▶ [Task objective]: Your answer consists of the lines in the data that contain "layer". Copy each of them.

[[ Data listing, beginning ]]

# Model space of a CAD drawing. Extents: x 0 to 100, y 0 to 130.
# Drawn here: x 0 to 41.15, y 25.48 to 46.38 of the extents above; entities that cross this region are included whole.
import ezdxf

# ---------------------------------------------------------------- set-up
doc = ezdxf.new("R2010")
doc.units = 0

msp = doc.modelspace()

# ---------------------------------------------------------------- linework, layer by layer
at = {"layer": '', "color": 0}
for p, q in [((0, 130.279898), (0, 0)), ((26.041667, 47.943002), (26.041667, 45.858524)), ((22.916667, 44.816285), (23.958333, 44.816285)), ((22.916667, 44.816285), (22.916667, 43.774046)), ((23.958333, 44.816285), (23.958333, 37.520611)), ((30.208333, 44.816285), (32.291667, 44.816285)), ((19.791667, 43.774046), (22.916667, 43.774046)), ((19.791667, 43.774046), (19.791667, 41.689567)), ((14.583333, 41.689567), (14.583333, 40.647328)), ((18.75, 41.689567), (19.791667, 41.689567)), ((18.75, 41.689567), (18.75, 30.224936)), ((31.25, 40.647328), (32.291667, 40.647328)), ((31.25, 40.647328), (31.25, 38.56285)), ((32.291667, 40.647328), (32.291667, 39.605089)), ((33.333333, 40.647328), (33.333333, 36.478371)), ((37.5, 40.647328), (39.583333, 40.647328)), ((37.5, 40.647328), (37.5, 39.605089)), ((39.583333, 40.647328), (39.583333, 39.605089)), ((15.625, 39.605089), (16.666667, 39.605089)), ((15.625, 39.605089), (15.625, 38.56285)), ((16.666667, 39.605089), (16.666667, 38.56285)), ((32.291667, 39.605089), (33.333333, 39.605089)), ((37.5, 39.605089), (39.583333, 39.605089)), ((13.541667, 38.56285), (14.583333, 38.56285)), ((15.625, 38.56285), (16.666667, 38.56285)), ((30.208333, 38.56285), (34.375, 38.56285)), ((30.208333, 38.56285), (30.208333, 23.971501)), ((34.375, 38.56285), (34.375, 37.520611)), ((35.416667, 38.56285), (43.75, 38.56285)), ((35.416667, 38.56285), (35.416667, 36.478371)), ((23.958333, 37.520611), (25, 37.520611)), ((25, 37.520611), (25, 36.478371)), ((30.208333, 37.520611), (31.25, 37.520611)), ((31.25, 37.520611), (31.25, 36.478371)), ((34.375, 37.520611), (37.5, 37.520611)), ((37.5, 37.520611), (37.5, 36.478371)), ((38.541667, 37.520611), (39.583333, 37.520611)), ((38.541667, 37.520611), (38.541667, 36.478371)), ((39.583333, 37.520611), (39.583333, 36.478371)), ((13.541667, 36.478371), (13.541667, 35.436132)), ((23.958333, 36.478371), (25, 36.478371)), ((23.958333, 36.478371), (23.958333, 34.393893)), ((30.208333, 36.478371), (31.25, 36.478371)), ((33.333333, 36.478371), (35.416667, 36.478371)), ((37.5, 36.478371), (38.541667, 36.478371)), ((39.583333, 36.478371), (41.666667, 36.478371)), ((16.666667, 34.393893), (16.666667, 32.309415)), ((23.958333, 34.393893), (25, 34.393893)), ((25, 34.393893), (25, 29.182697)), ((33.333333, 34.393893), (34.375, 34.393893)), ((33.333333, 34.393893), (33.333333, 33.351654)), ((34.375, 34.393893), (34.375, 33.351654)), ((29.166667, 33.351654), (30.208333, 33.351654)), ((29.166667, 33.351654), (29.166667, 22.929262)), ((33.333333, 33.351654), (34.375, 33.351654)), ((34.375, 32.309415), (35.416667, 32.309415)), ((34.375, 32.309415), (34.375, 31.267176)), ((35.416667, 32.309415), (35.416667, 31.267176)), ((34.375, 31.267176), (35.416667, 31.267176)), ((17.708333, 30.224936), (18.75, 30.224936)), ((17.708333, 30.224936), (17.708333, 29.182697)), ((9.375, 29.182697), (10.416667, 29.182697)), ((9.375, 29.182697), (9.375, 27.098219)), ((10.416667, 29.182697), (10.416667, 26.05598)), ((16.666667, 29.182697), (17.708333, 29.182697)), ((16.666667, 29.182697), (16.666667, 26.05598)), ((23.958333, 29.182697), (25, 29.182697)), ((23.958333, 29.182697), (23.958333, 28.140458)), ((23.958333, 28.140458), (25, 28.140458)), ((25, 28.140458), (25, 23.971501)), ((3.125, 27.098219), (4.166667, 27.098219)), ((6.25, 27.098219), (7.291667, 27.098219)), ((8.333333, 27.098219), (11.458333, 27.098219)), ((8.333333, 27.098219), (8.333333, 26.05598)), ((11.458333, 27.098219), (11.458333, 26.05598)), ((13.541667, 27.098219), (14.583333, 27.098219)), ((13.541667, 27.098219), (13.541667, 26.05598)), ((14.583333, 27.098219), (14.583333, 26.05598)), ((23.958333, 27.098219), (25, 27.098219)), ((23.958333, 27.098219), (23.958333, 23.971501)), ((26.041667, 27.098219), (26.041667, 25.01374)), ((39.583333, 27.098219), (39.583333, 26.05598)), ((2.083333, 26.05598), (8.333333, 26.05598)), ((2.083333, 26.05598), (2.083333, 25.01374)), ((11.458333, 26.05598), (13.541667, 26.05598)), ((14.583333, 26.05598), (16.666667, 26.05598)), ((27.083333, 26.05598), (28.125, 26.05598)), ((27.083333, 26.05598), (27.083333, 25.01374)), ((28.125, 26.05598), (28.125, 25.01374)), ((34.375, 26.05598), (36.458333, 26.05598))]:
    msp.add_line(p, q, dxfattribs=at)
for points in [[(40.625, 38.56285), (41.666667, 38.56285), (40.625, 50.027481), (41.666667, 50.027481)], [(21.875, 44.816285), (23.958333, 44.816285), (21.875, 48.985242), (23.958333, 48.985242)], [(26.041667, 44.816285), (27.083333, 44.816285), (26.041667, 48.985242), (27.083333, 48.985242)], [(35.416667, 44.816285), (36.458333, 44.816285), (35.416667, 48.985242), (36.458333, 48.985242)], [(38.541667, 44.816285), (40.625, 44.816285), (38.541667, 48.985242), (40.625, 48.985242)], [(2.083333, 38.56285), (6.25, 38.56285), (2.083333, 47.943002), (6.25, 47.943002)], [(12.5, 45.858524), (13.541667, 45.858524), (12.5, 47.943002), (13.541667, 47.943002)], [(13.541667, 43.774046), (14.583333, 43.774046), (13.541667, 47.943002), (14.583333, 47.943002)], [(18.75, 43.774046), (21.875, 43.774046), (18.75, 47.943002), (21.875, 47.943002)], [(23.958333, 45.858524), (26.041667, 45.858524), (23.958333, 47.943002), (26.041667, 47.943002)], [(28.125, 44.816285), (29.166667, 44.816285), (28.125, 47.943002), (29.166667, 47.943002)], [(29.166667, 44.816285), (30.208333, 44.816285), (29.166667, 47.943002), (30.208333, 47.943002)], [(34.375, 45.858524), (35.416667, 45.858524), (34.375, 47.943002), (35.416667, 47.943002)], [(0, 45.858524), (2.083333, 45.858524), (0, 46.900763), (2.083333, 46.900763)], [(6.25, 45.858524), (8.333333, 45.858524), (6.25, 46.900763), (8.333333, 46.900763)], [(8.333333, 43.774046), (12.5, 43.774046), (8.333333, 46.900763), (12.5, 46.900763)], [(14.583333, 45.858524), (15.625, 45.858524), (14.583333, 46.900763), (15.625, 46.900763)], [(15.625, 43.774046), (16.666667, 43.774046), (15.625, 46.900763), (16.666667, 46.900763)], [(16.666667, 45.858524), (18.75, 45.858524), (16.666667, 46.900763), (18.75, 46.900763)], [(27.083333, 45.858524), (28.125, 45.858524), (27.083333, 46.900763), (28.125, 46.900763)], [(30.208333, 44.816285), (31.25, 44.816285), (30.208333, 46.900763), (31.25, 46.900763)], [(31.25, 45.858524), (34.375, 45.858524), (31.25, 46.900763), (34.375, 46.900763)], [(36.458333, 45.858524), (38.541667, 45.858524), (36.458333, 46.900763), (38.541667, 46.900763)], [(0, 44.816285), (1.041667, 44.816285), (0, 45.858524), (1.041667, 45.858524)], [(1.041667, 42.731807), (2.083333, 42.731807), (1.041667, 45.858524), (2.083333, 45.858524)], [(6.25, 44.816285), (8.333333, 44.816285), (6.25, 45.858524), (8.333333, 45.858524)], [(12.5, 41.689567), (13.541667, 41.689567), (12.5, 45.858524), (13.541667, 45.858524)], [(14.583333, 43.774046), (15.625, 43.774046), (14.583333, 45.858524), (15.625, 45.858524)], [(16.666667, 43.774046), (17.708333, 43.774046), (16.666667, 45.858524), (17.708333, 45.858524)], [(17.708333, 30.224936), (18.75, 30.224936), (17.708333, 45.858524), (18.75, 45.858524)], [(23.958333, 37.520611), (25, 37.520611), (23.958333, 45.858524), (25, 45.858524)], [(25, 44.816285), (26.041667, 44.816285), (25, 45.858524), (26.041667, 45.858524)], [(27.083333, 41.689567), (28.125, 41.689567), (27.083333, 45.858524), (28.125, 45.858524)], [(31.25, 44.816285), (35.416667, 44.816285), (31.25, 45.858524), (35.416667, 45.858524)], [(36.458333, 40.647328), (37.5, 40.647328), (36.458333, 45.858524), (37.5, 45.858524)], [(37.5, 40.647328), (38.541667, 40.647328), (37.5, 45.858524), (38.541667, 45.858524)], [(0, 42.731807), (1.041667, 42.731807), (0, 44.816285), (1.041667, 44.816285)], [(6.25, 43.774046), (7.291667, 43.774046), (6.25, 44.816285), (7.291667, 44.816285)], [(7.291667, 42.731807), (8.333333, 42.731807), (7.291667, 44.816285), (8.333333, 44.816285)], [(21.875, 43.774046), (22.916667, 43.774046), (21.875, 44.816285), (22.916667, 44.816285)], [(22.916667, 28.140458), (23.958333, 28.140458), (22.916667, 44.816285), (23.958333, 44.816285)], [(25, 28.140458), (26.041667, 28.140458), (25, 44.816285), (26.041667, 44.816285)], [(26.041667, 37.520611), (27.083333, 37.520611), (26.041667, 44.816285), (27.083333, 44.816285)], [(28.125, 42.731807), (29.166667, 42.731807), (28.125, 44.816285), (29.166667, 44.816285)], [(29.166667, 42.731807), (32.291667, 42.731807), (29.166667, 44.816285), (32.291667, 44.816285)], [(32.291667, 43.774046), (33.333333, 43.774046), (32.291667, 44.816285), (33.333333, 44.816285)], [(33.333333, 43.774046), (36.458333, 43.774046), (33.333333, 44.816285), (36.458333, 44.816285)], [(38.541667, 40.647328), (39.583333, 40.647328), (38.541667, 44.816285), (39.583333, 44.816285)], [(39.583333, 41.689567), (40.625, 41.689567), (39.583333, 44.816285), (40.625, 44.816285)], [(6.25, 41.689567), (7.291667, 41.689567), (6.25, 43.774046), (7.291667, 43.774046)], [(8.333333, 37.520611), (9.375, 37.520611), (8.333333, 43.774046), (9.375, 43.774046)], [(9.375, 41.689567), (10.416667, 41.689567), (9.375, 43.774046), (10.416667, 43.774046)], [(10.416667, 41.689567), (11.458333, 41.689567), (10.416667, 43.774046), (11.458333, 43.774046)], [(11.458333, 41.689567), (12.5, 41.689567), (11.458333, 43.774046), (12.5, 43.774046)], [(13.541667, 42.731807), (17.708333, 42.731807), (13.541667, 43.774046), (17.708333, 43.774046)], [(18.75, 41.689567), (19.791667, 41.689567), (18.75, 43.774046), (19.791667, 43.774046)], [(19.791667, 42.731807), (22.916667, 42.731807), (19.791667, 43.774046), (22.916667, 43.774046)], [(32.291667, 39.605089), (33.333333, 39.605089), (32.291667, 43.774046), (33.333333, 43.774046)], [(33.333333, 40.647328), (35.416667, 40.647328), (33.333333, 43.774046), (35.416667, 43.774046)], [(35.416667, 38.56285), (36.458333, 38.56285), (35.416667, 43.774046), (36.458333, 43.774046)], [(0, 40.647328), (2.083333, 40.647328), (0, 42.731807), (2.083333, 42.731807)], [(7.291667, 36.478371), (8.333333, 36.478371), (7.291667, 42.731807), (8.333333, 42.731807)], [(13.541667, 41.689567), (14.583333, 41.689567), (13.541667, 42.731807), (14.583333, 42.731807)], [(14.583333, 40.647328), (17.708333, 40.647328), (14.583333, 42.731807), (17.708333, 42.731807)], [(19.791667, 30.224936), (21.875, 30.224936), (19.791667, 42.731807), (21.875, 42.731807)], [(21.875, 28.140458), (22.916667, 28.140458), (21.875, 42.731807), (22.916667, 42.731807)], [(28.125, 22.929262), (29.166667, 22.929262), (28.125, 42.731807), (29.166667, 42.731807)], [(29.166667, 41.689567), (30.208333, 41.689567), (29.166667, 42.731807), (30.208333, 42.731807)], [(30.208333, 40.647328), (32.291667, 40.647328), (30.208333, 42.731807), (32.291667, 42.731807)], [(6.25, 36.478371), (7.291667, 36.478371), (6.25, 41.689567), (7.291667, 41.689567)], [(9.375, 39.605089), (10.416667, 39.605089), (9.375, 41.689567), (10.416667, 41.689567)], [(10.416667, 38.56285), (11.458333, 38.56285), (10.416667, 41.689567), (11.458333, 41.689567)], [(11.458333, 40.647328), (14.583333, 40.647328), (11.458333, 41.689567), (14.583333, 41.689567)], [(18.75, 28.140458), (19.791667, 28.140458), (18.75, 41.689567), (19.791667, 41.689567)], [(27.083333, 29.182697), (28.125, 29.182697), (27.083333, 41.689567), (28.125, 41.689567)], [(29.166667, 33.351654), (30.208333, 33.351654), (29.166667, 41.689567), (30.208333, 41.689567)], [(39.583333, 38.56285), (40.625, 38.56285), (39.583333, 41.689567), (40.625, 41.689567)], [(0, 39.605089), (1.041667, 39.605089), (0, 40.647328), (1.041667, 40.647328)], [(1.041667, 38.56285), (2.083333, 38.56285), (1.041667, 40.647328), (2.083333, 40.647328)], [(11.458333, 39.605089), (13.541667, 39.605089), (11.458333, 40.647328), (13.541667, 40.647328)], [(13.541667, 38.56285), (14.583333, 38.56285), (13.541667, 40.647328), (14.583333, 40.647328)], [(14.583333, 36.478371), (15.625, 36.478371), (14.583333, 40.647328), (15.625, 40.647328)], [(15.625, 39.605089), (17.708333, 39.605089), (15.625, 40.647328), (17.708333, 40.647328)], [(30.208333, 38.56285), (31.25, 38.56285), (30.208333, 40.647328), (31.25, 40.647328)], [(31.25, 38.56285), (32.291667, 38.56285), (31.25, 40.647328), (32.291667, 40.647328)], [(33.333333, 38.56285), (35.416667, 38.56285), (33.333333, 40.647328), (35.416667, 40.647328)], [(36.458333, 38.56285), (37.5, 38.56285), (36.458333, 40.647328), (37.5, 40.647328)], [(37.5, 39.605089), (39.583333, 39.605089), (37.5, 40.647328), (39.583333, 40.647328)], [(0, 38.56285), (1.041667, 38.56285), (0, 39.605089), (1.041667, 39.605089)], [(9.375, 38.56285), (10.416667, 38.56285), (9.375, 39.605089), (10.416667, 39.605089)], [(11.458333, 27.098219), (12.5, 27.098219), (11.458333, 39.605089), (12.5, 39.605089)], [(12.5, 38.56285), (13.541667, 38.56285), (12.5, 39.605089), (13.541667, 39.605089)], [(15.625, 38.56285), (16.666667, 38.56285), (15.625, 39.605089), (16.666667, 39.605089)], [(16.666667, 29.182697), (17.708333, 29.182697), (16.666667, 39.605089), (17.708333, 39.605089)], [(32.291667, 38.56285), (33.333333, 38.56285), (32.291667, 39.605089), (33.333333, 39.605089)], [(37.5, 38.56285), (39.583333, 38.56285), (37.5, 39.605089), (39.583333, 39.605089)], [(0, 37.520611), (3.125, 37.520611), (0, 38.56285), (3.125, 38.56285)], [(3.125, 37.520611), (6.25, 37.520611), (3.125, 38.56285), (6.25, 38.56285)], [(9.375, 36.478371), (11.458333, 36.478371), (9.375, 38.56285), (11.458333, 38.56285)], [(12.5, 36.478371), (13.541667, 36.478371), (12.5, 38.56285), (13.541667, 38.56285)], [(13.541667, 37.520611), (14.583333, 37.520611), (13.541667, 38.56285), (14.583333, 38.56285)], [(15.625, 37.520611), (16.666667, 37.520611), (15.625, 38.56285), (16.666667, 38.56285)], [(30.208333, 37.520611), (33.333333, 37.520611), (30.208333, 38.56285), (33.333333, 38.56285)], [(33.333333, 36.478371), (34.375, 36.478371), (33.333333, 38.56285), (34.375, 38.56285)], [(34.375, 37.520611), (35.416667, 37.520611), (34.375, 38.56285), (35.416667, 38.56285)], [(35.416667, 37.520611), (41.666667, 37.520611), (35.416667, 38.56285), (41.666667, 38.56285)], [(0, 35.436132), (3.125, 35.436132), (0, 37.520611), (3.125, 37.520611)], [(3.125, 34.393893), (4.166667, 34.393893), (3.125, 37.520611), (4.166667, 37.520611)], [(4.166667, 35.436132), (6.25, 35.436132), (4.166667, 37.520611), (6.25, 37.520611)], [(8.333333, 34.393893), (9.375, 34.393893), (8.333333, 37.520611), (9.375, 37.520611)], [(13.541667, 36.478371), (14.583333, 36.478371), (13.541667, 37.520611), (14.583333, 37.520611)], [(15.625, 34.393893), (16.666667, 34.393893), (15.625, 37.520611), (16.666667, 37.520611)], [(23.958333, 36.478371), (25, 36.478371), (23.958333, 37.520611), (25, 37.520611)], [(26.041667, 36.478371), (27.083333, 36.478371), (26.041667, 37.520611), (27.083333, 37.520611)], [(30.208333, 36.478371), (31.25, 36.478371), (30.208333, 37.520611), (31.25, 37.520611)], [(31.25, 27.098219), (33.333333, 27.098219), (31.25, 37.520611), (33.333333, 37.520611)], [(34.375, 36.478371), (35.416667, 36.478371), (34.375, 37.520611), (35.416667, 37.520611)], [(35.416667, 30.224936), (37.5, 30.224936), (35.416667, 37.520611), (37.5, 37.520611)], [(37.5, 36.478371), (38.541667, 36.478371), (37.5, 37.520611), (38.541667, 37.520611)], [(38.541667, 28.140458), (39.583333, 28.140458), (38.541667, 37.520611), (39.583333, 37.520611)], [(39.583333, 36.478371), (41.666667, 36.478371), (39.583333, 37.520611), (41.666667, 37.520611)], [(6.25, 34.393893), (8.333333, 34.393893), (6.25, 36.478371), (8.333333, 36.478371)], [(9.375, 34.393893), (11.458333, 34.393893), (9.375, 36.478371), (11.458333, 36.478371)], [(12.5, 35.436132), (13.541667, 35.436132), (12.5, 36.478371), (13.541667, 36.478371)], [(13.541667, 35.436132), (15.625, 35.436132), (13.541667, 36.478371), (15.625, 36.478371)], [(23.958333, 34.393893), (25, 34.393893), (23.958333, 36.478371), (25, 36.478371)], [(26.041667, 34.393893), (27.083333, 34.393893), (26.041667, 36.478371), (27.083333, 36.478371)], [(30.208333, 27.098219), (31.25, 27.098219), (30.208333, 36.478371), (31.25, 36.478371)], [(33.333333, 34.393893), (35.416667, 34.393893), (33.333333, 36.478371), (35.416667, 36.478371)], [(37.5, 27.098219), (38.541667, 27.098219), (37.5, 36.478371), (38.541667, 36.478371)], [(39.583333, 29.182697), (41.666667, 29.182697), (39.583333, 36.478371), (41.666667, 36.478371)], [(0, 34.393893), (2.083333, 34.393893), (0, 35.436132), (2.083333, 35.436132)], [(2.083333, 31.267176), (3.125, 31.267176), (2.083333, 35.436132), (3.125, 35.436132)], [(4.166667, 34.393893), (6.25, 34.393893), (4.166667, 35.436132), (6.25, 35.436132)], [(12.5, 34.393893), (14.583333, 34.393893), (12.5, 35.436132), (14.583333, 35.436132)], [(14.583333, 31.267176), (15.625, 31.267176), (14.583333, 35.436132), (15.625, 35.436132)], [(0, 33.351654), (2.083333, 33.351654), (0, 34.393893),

[[ Data listing, end ]]

▶ [Finished exercise]:
# ---------------------------------------------------------------- linework, layer by layer
at = {"layer": '', "color": 0}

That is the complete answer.